Со временем, поняв, что спорить с установленными порядками бессмысленно, а иногда и опасно, человек вынужден смириться. Он прикипает к этим правилам настолько, что и по окончании службы долго еще продолжает практиковать то, что в начале службы казалось ему диким. Служба похожа на станок для дробления личности, конвейер, на который поступает с гражданки один – в большинстве своем, вполне нормальный человек, а на выходе появляется совершенно другой – переломанный, разобранный и заново собранный индивидуум.

И все же стремление к сохранению неповторимости в человеке сидит весьма глубоко. Казалось бы, чем могут отличаться люди, одетые в одинаковую форму, одинаково питающиеся, спящие в одинаковых постелях, сидящие на одинаковых табуретах, носящие одинаковые, в одном военторге купленные ручки с блокнотами и даже при ходьбе шагающие в ногу? И все же опытный глаз всегда увидит различия.

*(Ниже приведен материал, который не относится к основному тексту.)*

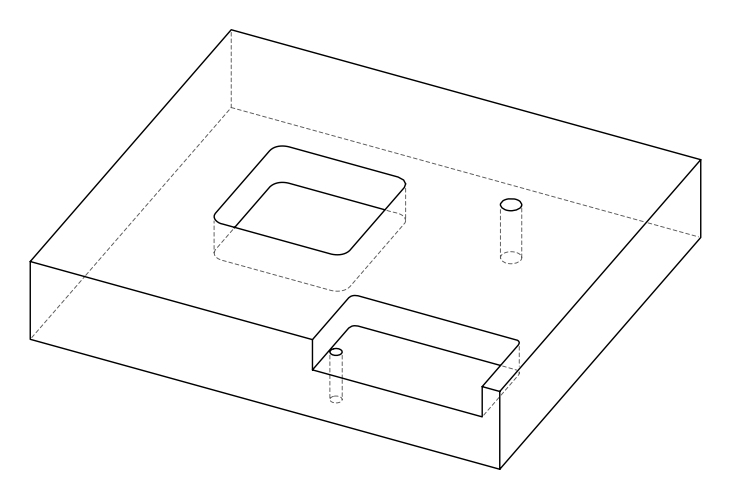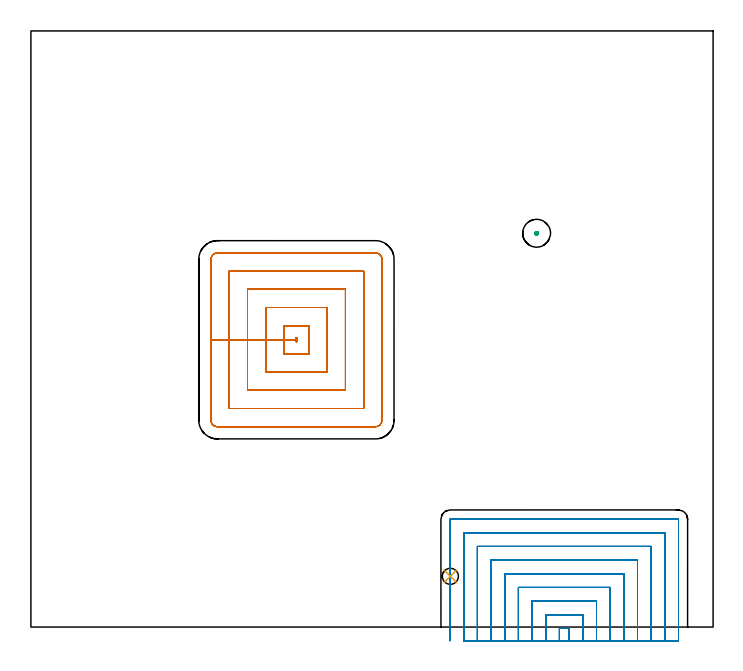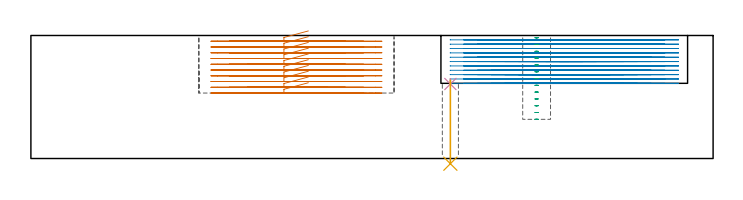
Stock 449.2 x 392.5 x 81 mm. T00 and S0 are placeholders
(PLAN: 5 operations, 4 tool changes, 91.4 min)
(1 MILL_RECTANGULAR_POCKET | POCKET_RECTANGULAR_STRAIGHT | NXT0201_012 | Follow Part, ap 4, ae 75% | 28.75 min | 630806 mm3)
(2 MILL_SLOT | SLOT_PARTIAL_RECTANGULAR | NXT0201_011 | Follow Part, ap 3, ae 75% | 61.85 min | 393924 mm3)
(3 MILL_BLIND_HOLE_FROM_SOLID_MATERIAL | STEP1POCKET | NXT0201_012 | Spiral | 0.58 min | 14550 mm3)
(4 SPOT_DRILL | STEP1HOLE | NXT0321_9005460120000 | 0.04 min | 21 mm3)
(5 DRILL_THROUGH_HOLE_INTO_CENTER | STEP1HOLE | NXT0301_077 | 0.23 min | 4334 mm3)
(TOOL NXT0201_012 | ENDMILL 16mm [2P460-1600-NA 1630] | D16 FL38 Z6)
(TOOL NXT0201_011 | ENDMILL 12mm [2P460-1200-NA 1630] | D12 FL38 Z6)
(TOOL NXT0321_9005460120000 | NC Spot Drill, 142deg, 12mm, Carbide, Uncoated | D12 PA142 FL30 Z2)
(TOOL NXT0301_077 | Carbide Drill 10.6mm [860.1-1060-053A1-MM 2214] | D10.6 PA140 FL71 Z2)
(OP 1 MILL_RECTANGULAR_POCKET)
G17 G21 G94 G90
T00 M6
G54
G17 G0 G90 X182.691 Y198.4 S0 M3
G43 Z91. H1
Z84.
G94 G1 X166.6 Z79.688 F250.
Y189.15 Z77.21
X174.6
Y187.9 F500.
X175.1
Y190.4
X174.6
Y189.15
X166.6
Y179.9
X183.1
Y198.4
X166.6
Y189.15
X154.6
Y167.9
X195.1
Y210.4
X154.6
Y189.15
X142.6
Y155.9
X207.1
Y222.4
X142.6
Y189.15
X130.6
Y143.9
X219.1
Y234.4
X130.6
Y189.15
X118.6
Y136.1
G3 X122.8 Y131.9 R4.2
G1 X226.9
G3 X231.1 Y136.1 R4.2
G1 Y242.2
G3 X226.9 Y246.4 R4.2
G1 X122.8
G3 X118.6 Y242.2 R4.2
G1 Y189.15
Y188.15
G0 X182.691 Y198.4 Z80.21
G1 X166.6 Z75.898 F250.
Y189.15 Z73.42
X174.6
Y187.9 F500.
X175.1
Y190.4
X174.6
Y189.15
X166.6
Y179.9
X183.1
Y198.4
X166.6
Y189.15
X154.6
Y167.9
X195.1
Y210.4
X154.6
Y189.15
X142.6
Y155.9
X207.1
Y222.4
X142.6
Y189.15
X130.6
Y143.9
X219.1
Y234.4
X130.6
Y189.15
X118.6
Y136.1
G3 X122.8 Y131.9 R4.2
G1 X226.9
G3 X231.1 Y136.1 R4.2
G1 Y242.2
G3 X226.9 Y246.4 R4.2
G1 X122.8
G3 X118.6 Y242.2 R4.2
G1 Y189.15
Y188.15
G0 X182.691 Y198.4 Z76.42
G1 X166.6 Z72.108 F250.
Y189.15 Z69.63
X174.6
Y187.9 F500.
X175.1
Y190.4
X174.6
Y189.15
X166.6
Y179.9
X183.1
Y198.4
X166.6
Y189.15
X154.6
Y167.9
X195.1
Y210.4
X154.6
Y189.15
X142.6
Y155.9
X207.1
Y222.4
X142.6
Y189.15
X130.6
Y143.9
X219.1
Y234.4
X130.6
Y189.15
X118.6
Y136.1
G3 X122.8 Y131.9 R4.2
G1 X226.9
G3 X231.1 Y136.1 R4.2
G1 Y242.2
G3 X226.9 Y246.4 R4.2
G1 X122.8
G3 X118.6 Y242.2 R4.2
G1 Y189.15
Y188.15
G0 X182.691 Y198.4 Z72.63
G1 X166.6 Z68.318 F250.
Y189.15 Z65.84
X174.6
Y187.9 F500.
X175.1
Y190.4
X174.6
Y189.15
X166.6
Y179.9
X183.1
Y198.4
X166.6
Y189.15
X154.6
Y167.9
X195.1
Y210.4
X154.6
Y189.15
X142.6
Y155.9
X207.1
Y222.4
X142.6
Y189.15
X130.6
Y143.9
X219.1
Y234.4
X130.6
Y189.15
X118.6
Y136.1
G3 X122.8 Y131.9 R4.2
G1 X226.9
G3 X231.1 Y136.1 R4.2
G1 Y242.2
G3 X226.9 Y246.4 R4.2
G1 X122.8
G3 X118.6 Y242.2 R4.2
G1 Y189.15
Y188.15
G0 X182.691 Y198.4 Z68.84
G1 X166.6 Z64.528 F250.
Y189.15 Z62.05
X174.6
Y187.9 F500.
X175.1
Y190.4
X174.6
Y189.15
X166.6
Y179.9
X183.1
Y198.4
X166.6
Y189.15
X154.6
Y167.9
X195.1
Y210.4
X154.6
Y189.15
X142.6
Y155.9
X207.1
Y222.4
X142.6
Y189.15
X130.6
Y143.9
X219.1
Y234.4
X130.6
Y189.15
X118.6
Y136.1
G3 X122.8 Y131.9 R4.2
G1 X226.9
G3 X231.1 Y136.1 R4.2
G1 Y242.2
G3 X226.9 Y246.4 R4.2
G1 X122.8
G3 X118.6 Y242.2 R4.2
G1 Y189.15
Y188.15
G0 X182.691 Y198.4 Z65.05
G1 X166.6 Z60.738 F250.
Y189.15 Z58.26
X174.6
Y187.9 F500.
X175.1
Y190.4
X174.6
Y189.15
X166.6
Y179.9
X183.1
Y198.4
X166.6
Y189.15
X154.6
Y167.9
X195.1
Y210.4
X154.6
Y189.15
X142.6
Y155.9
X207.1
Y222.4
X142.6
Y189.15
X130.6
Y143.9
X219.1
Y234.4
X130.6
Y189.15
X118.6
Y136.1
G3 X122.8 Y131.9 R4.2
G1 X226.9
G3 X231.1 Y136.1 R4.2
G1 Y242.2
G3 X226.9 Y246.4 R4.2
G1 X122.8
G3 X118.6 Y242.2 R4.2
G1 Y189.15
Y188.15
G0 X182.691 Y198.4 Z61.26
G1 X166.6 Z56.949 F250.
Y189.15 Z54.47
X174.6
Y187.9 F500.
X175.1
Y190.4
X174.6
Y189.15
X166.6
Y179.9
X183.1
Y198.4
X166.6
Y189.15
X154.6
Y167.9
X195.1
Y210.4
X154.6
Y189.15
X142.6
Y155.9
X207.1
Y222.4
X142.6
Y189.15
X130.6
Y143.9
X219.1
Y234.4
X130.6
Y189.15
X118.6
Y136.1
G3 X122.8 Y131.9 R4.2
G1 X226.9
G3 X231.1 Y136.1 R4.2
G1 Y242.2
G3 X226.9 Y246.4 R4.2
G1 X122.8
G3 X118.6 Y242.2 R4.2
G1 Y189.15
Y188.15
G0 X182.691 Y198.4 Z57.47
G1 X166.6 Z53.159 F250.
Y189.15 Z50.68
X174.6
Y187.9 F500.
X175.1
Y190.4
X174.6
Y189.15
X166.6
Y179.9
X183.1
Y198.4
X166.6
Y189.15
X154.6
Y167.9
X195.1
Y210.4
X154.6
Y189.15
X142.6
Y155.9
X207.1
Y222.4
X142.6
Y189.15
X130.6
Y143.9
X219.1
Y234.4
X130.6
Y189.15
X118.6
Y136.1
G3 X122.8 Y131.9 R4.2
G1 X226.9
G3 X231.1 Y136.1 R4.2
G1 Y242.2
G3 X226.9 Y246.4 R4.2
G1 X122.8
G3 X118.6 Y242.2 R4.2
G1 Y189.15
Y188.15
G0 X182.691 Y198.4 Z53.68
G1 X166.6 Z49.369 F250.
Y189.15 Z46.89
X174.6
Y187.9 F500.
X175.1
Y190.4
X174.6
Y189.15
X166.6
Y179.9
X183.1
Y198.4
X166.6
Y189.15
X154.6
Y167.9
X195.1
Y210.4
X154.6
Y189.15
X142.6
Y155.9
X207.1
Y222.4
X142.6
Y189.15
X130.6
Y143.9
X219.1
Y234.4
X130.6
Y189.15
X118.6
Y136.1
G3 X122.8 Y131.9 R4.2
G1 X226.9
G3 X231.1 Y136.1 R4.2
G1 Y242.2
G3 X226.9 Y246.4 R4.2
G1 X122.8
G3 X118.6 Y242.2 R4.2
G1 Y189.15
Y188.15
G0 X182.691 Y198.4 Z49.89
G1 X166.6 Z45.579 F250.
Y189.15 Z43.1
X174.6
Y187.9 F500.
X175.1
Y190.4
X174.6
Y189.15
X166.6
Y179.9
X183.1
Y198.4
X166.6
Y189.15
X154.6
Y167.9
X195.1
Y210.4
X154.6
Y189.15
X142.6
Y155.9
X207.1
Y222.4
X142.6
Y189.15
X130.6
Y143.9
X219.1
Y234.4
X130.6
Y189.15
X118.6
Y136.1
G3 X122.8 Y131.9 R4.2
G1 X226.9
G3 X231.1 Y136.1 R4.2
G1 Y242.2
G3 X226.9 Y246.4 R4.2
G1 X122.8
G3 X118.6 Y242.2 R4.2
G1 Y189.15
Y188.15
G0 Z91.
M5
M2
(OP 2 MILL_SLOT)
G17 G21 G94 G90
T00 M6
G54
G17 G0 G90 X354.4 Y-9. S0 M3
G43 Z91. H1
Z78.136
G94 G1 Y-6. F250.
Y-0.9 F500.
X348.
Y-6.
Y-9. F250.
X363.4
Y-6.
Y8.1 F500.
X339.
Y-6.
Y-9. F250.
X372.4
Y-6.
Y17.1 F500.
X330.
Y-6.
Y-9. F250.
X381.4
Y-6.
Y26.1 F500.
X321.
Y-6.
Y-9. F250.
X390.4
Y-6.
Y35.1 F500.
X312.
Y-6.
Y-9. F250.
X399.4
Y-6.
Y44.1 F500.
X303.
Y-6.
Y-9. F250.
X408.4
Y-6.
Y53.1 F500.
X294.
Y-6.
Y-9. F250.
X417.4
Y-6.
Y62.1 F500.
X285.
Y-6.
Y-9. F250.
X426.4
Y-6.
Y70.9 F500.
G3 X426.2 Y71.1 R0.2
G1 X276.2
G3 X276. Y70.9 R0.2
G1 Y-6.
Y-9. F250.
G0 X354.4 Z75.273
G1 Y-6.
Y-0.9 F500.
X348.
Y-6.
Y-9. F250.
X363.4
Y-6.
Y8.1 F500.
X339.
Y-6.
Y-9. F250.
X372.4
Y-6.
Y17.1 F500.
X330.
Y-6.
Y-9. F250.
X381.4
Y-6.
Y26.1 F500.
X321.
Y-6.
Y-9. F250.
X390.4
Y-6.
Y35.1 F500.
X312.
Y-6.
Y-9. F250.
X399.4
Y-6.
Y44.1 F500.
X303.
Y-6.
Y-9. F250.
X408.4
Y-6.
Y53.1 F500.
X294.
Y-6.
Y-9. F250.
X417.4
Y-6.
Y62.1 F500.
X285.
Y-6.
Y-9. F250.
X426.4
Y-6.
Y70.9 F500.
G3 X426.2 Y71.1 R0.2
G1 X276.2
G3 X276. Y70.9 R0.2
G1 Y-6.
Y-9. F250.
G0 X354.4 Z72.409
G1 Y-6.
Y-0.9 F500.
X348.
Y-6.
Y-9. F250.
X363.4
Y-6.
Y8.1 F500.
X339.
Y-6.
Y-9. F250.
X372.4
Y-6.
Y17.1 F500.
X330.
Y-6.
Y-9. F250.
X381.4
Y-6.
Y26.1 F500.
X321.
Y-6.
Y-9. F250.
X390.4
Y-6.
Y35.1 F500.
X312.
Y-6.
Y-9. F250.
X399.4
Y-6.
Y44.1 F500.
X303.
Y-6.
Y-9. F250.
X408.4
Y-6.
Y53.1 F500.
X294.
Y-6.
Y-9. F250.
X417.4
Y-6.
Y62.1 F500.
X285.
Y-6.
Y-9. F250.
X426.4
Y-6.
Y70.9 F500.
G3 X426.2 Y71.1 R0.2
G1 X276.2
G3 X276. Y70.9 R0.2
G1 Y-6.
Y-9. F250.
G0 X354.4 Z69.545
G1 Y-6.
Y-0.9 F500.
X348.
Y-6.
Y-9. F250.
X363.4
Y-6.
Y8.1 F500.
X339.
Y-6.
Y-9. F250.
X372.4
Y-6.
Y17.1 F500.
X330.
Y-6.
Y-9. F250.
X381.4
Y-6.
Y26.1 F500.
X321.
Y-6.
Y-9. F250.
X390.4
Y-6.
Y35.1 F500.
X312.
Y-6.
Y-9. F250.
X399.4
Y-6.
Y44.1 F500.
X303.
Y-6.
Y-9. F250.
X408.4
Y-6.
Y53.1 F500.
X294.
Y-6.
Y-9. F250.
X417.4
Y-6.
Y62.1 F500.
X285.
Y-6.
Y-9. F250.
X426.4
Y-6.
Y70.9 F500.
G3 X426.2 Y71.1 R0.2
G1 X276.2
G3 X276. Y70.9 R0.2
G1 Y-6.
Y-9. F250.
G0 X354.4 Z66.682
G1 Y-6.
Y-0.9 F500.
X348.
Y-6.
Y-9. F250.
X363.4
Y-6.
Y8.1 F500.
X339.
Y-6.
Y-9. F250.
X372.4
Y-6.
Y17.1 F500.
X330.
Y-6.
Y-9. F250.
X381.4
Y-6.
Y26.1 F500.
X321.
Y-6.
Y-9. F250.
X390.4
Y-6.
Y35.1 F500.
X312.
Y-6.
Y-9. F250.
X399.4
Y-6.
Y44.1 F500.
X303.
Y-6.
Y-9. F250.
X408.4
Y-6.
Y53.1 F500.
X294.
Y-6.
Y-9. F250.
X417.4
Y-6.
Y62.1 F500.
X285.
Y-6.
Y-9. F250.
X426.4
Y-6.
Y70.9 F500.
G3 X426.2 Y71.1 R0.2
G1 X276.2
G3 X276. Y70.9 R0.2
G1 Y-6.
Y-9. F250.
G0 X354.4 Z63.818
G1 Y-6.
Y-0.9 F500.
X348.
Y-6.
Y-9. F250.
X363.4
Y-6.
Y8.1 F500.
X339.
Y-6.
Y-9. F250.
X372.4
Y-6.
Y17.1 F500.
X330.
Y-6.
Y-9. F250.
X381.4
Y-6.
Y26.1 F500.
X321.
Y-6.
Y-9. F250.
X390.4
Y-6.
Y35.1 F500.
X312.
Y-6.
Y-9. F250.
X399.4
Y-6.
Y44.1 F500.
X303.
Y-6.
Y-9. F250.
X408.4
Y-6.
Y53.1 F500.
X294.
Y-6.
Y-9. F250.
X417.4
Y-6.
Y62.1 F500.
X285.
Y-6.
Y-9. F250.
X426.4
Y-6.
Y70.9 F500.
G3 X426.2 Y71.1 R0.2
G1 X276.2
G3 X276. Y70.9 R0.2
G1 Y-6.
Y-9. F250.
G0 X354.4 Z60.955
G1 Y-6.
Y-0.9 F500.
X348.
Y-6.
Y-9. F250.
X363.4
Y-6.
Y8.1 F500.
X339.
Y-6.
Y-9. F250.
X372.4
Y-6.
Y17.1 F500.
X330.
Y-6.
Y-9. F250.
X381.4
Y-6.
Y26.1 F500.
X321.
Y-6.
Y-9. F250.
X390.4
Y-6.
Y35.1 F500.
X312.
Y-6.
Y-9. F250.
X399.4
Y-6.
Y44.1 F500.
X303.
Y-6.
Y-9. F250.
X408.4
Y-6.
Y53.1 F500.
X294.
Y-6.
Y-9. F250.
X417.4
Y-6.
Y62.1 F500.
X285.
Y-6.
Y-9. F250.
X426.4
Y-6.
Y70.9 F500.
G3 X426.2 Y71.1 R0.2
G1 X276.2
G3 X276. Y70.9 R0.2
G1 Y-6.
Y-9. F250.
G0 X354.4 Z58.091
G1 Y-6.
Y-0.9 F500.
X348.
Y-6.
Y-9. F250.
X363.4
Y-6.
Y8.1 F500.
X339.
Y-6.
Y-9. F250.
X372.4
Y-6.
Y17.1 F500.
X330.
Y-6.
Y-9. F250.
X381.4
Y-6.
Y26.1 F500.
X321.
Y-6.
Y-9. F250.
X390.4
Y-6.
Y35.1 F500.
X312.
Y-6.
Y-9. F250.
X399.4
Y-6.
Y44.1 F500.
X303.
Y-6.
Y-9. F250.
X408.4
Y-6.
Y53.1 F500.
X294.
Y-6.
Y-9. F250.
X417.4
Y-6.
Y62.1 F500.
X285.
Y-6.
Y-9. F250.
X426.4
Y-6.
Y70.9 F500.
G3 X426.2 Y71.1 R0.2
G1 X276.2
G3 X276. Y70.9 R0.2
G1 Y-6.
Y-9. F250.
G0 X354.4 Z55.227
G1 Y-6.
Y-0.9 F500.
X348.
Y-6.
Y-9. F250.
X363.4
Y-6.
Y8.1 F500.
X339.
Y-6.
Y-9. F250.
X372.4
Y-6.
Y17.1 F500.
X330.
Y-6.
Y-9. F250.
X381.4
Y-6.
Y26.1 F500.
X321.
Y-6.
Y-9. F250.
X390.4
Y-6.
Y35.1 F500.
X312.
Y-6.
Y-9. F250.
X399.4
Y-6.
Y44.1 F500.
X303.
Y-6.
Y-9. F250.
X408.4
Y-6.
Y53.1 F500.
X294.
Y-6.
Y-9. F250.
X417.4
Y-6.
Y62.1 F500.
X285.
Y-6.
Y-9. F250.
X426.4
Y-6.
Y70.9 F500.
G3 X426.2 Y71.1 R0.2
G1 X276.2
G3 X276. Y70.9 R0.2
G1 Y-6.
Y-9. F250.
G0 X354.4 Z52.364
G1 Y-6.
Y-0.9 F500.
X348.
Y-6.
Y-9. F250.
X363.4
Y-6.
Y8.1 F500.
X339.
Y-6.
Y-9. F250.
X372.4
Y-6.
Y17.1 F500.
X330.
Y-6.
Y-9. F250.
X381.4
Y-6.
Y26.1 F500.
X321.
Y-6.
Y-9. F250.
X390.4
Y-6.
Y35.1 F500.
X312.
Y-6.
Y-9. F250.
X399.4
Y-6.
Y44.1 F500.
X303.
Y-6.
Y-9. F250.
X408.4
Y-6.
Y53.1 F500.
X294.
Y-6.
Y-9. F250.
X417.4
Y-6.
Y62.1 F500.
X285.
Y-6.
Y-9. F250.
X426.4
Y-6.
Y70.9 F500.
G3 X426.2 Y71.1 R0.2
G1 X276.2
G3 X276. Y70.9 R0.2
G1 Y-6.
Y-9. F250.
G0 X354.4 Z49.5
G1 Y-6.
Y-0.9 F500.
X348.
Y-6.
Y-9. F250.
X363.4
Y-6.
Y8.1 F500.
X339.
Y-6.
Y-9. F250.
X372.4
Y-6.
Y17.1 F500.
X330.
Y-6.
Y-9. F250.
X381.4
Y-6.
Y26.1 F500.
X321.
Y-6.
Y-9. F250.
X390.4
Y-6.
Y35.1 F500.
X312.
Y-6.
Y-9. F250.
X399.4
Y-6.
Y44.1 F500.
X303.
Y-6.
Y-9. F250.
X408.4
Y-6.
Y53.1 F500.
X294.
Y-6.
Y-9. F250.
X417.4
Y-6.
Y62.1 F500.
X285.
Y-6.
Y-9. F250.
X426.4
Y-6.
Y70.9 F500.
G3 X426.2 Y71.1 R0.2
G1 X276.2
G3 X276. Y70.9 R0.2
G1 Y-6.
Y-9. F250.
G0 Z91.
M5
M2
(OP 3 MILL_BLIND_HOLE_FROM_SOLID_MATERIAL)
G17 G21 G94 G90
T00 M6
G54
G17 G0 G90 X333. Y259.3 S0 M3
G43 Z91. H1
Z79.523
G94 G3 X333.575 Y259.875 R0.575 F250.
X333. Y260.45 R0.575
X331.85 Y259.3 R1.15
X333. Y260.45 R-1.15
X332.425 Y259.875 R0.575
X333. Y259.3 R0.575
G0 Z75.046
G3 X333.575 Y259.875 R0.575
X333. Y260.45 R0.575
X331.85 Y259.3 R1.15
X333. Y260.45 R-1.15
X332.425 Y259.875 R0.575
X333. Y259.3 R0.575
G0 Z70.569
G3 X333.575 Y259.875 R0.575
X333. Y260.45 R0.575
X331.85 Y259.3 R1.15
X333. Y260.45 R-1.15
X332.425 Y259.875 R0.575
X333. Y259.3 R0.575
G0 Z66.092
G3 X333.575 Y259.875 R0.575
X333. Y260.45 R0.575
X331.85 Y259.3 R1.15
X333. Y260.45 R-1.15
X332.425 Y259.875 R0.575
X333. Y259.3 R0.575
G0 Z61.615
G3 X333.575 Y259.875 R0.575
X333. Y260.45 R0.575
X331.85 Y259.3 R1.15
X333. Y260.45 R-1.15
X332.425 Y259.875 R0.575
X333. Y259.3 R0.575
G0 Z57.138
G3 X333.575 Y259.875 R0.575
X333. Y260.45 R0.575
X331.85 Y259.3 R1.15
X333. Y260.45 R-1.15
X332.425 Y259.875 R0.575
X333. Y259.3 R0.575
G0 Z52.662
G3 X333.575 Y259.875 R0.575
X333. Y260.45 R0.575
X331.85 Y259.3 R1.15
X333. Y260.45 R-1.15
X332.425 Y259.875 R0.575
X333. Y259.3 R0.575
G0 Z48.185
G3 X333.575 Y259.875 R0.575
X333. Y260.45 R0.575
X331.85 Y259.3 R1.15
X333. Y260.45 R-1.15
X332.425 Y259.875 R0.575
X333. Y259.3 R0.575
G0 Z43.708
G3 X333.575 Y259.875 R0.575
X333. Y260.45 R0.575
X331.85 Y259.3 R1.15
X333. Y260.45 R-1.15
X332.425 Y259.875 R0.575
X333. Y259.3 R0.575
G0 Z39.231
G3 X333.575 Y259.875 R0.575
X333. Y260.45 R0.575
X331.85 Y259.3 R1.15
X333. Y260.45 R-1.15
X332.425 Y259.875 R0.575
X333. Y259.3 R0.575
G0 Z34.754
G3 X333.575 Y259.875 R0.575
X333. Y260.45 R0.575
X331.85 Y259.3 R1.15
X333. Y260.45 R-1.15
X332.425 Y259.875 R0.575
X333. Y259.3 R0.575
G0 Z30.277
G3 X333.575 Y259.875 R0.575
X333. Y260.45 R0.575
X331.85 Y259.3 R1.15
X333. Y260.45 R-1.15
X332.425 Y259.875 R0.575
X333. Y259.3 R0.575
G0 Z25.8
G3 X333.575 Y259.875 R0.575
X333. Y260.45 R0.575
X331.85 Y259.3 R1.15
X333. Y260.45 R-1.15
X332.425 Y259.875 R0.575
X333. Y259.3 R0.575
G0 Z91.
M5
M2
(OP 4 SPOT_DRILL)
G17 G21 G94 G90
T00 M6
G54
G17 G0 G90 X276.2 Y33.4 S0 M3
G43 Z91. H0
G94 G81 G98 Z49.044 F250. R52.5
G80
M5
M2
(OP 5 DRILL_THROUGH_HOLE_INTO_CENTER)
G17 G21 G94 G90
T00 M6
G54
G17 G0 G90 X276.2 Y33.4 S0 M3
G43 Z91. H1
G94 G73 G98 Z-3.429 F250. Q10.586 R51.5
G80
M5
M2

Шапка-ушанка, например. Ну как ее можно сделать другой? Шапка, она и есть шапка. Одинаково пошита. На одной фабрике. Но нет, шапка старослужащего и шапка «духа» – две разные шапки. «Старик» обязательно придаст своей кубическую форму. Именно кубическую. Для превращения нормальной шапки в куб запускается интересный процесс: в нее, с поднятыми и завязанными на шнурки ушами, набиваются, утрамбовываются книжки, чаще всего, уставы строевой и караульной службы, затем все это дело накрывается марлей или лоскутом простыни, обильно спрыскивается водой и, наконец, заглаживается, прижимается, прижаривается раскаленным утюгом. Таким образом, зимний головной убор превращается в кирпичик, форму которого бережно хранит ее хозяин, периодически повторяя процедуру.

Как этот куб сочетается с формой головы, не играет совершенно никакой роли – голова солдата должна иметь форму шапки. Точка. В противном случае старослужащий будет выглядеть, «как дух». А это стрёмно. И еще кокарда. У «духа» она ровная, такая, какой ее сделали на фабрике. У «старика» – согнутая. Максимально. В дугу. Чем больше согнута, тем круче «дед».

В День Советской Армии и Военно-Морского Флота, 23 февраля, в актовом зале состоялся праздничный концерт. После утреннего развода весь батальон привели в клуб и рассадили поротно.

На сцене группа солдат при помощи не столько старых, сколько разбитых гитар, пыльного, с выломанными клавишами фортепиано и нескольких барабанов, которые когда-то были цельной установкой, пыталась изобразить атмосферу праздника. Музыканты старались, как могли, и их старание оценила публика. Даже офицеры приосанились и заулыбались: смотри, какие талантливые у нас солдаты!

Лимит патриотических песен был, однако, быстро исчерпан, но время концерта еще нет. По расписанию запланировано дольше. К тому же оставалось настроение, парадная форма, желание праздновать. Что делать? Не гонять же по кругу одни и те же песни, тем более что особой популярностью в этой среде они, по всей видимости, не пользовались.

Почувствовав общее настроение, один из воинов со сцены обратился к комбату:

– Товарищ подполковник, разрешите спеть песню не по теме.

– Валяй, чего уж там, – улыбнулся офицер.

Зал мгновенно притих, а группа взяла первый аккорд.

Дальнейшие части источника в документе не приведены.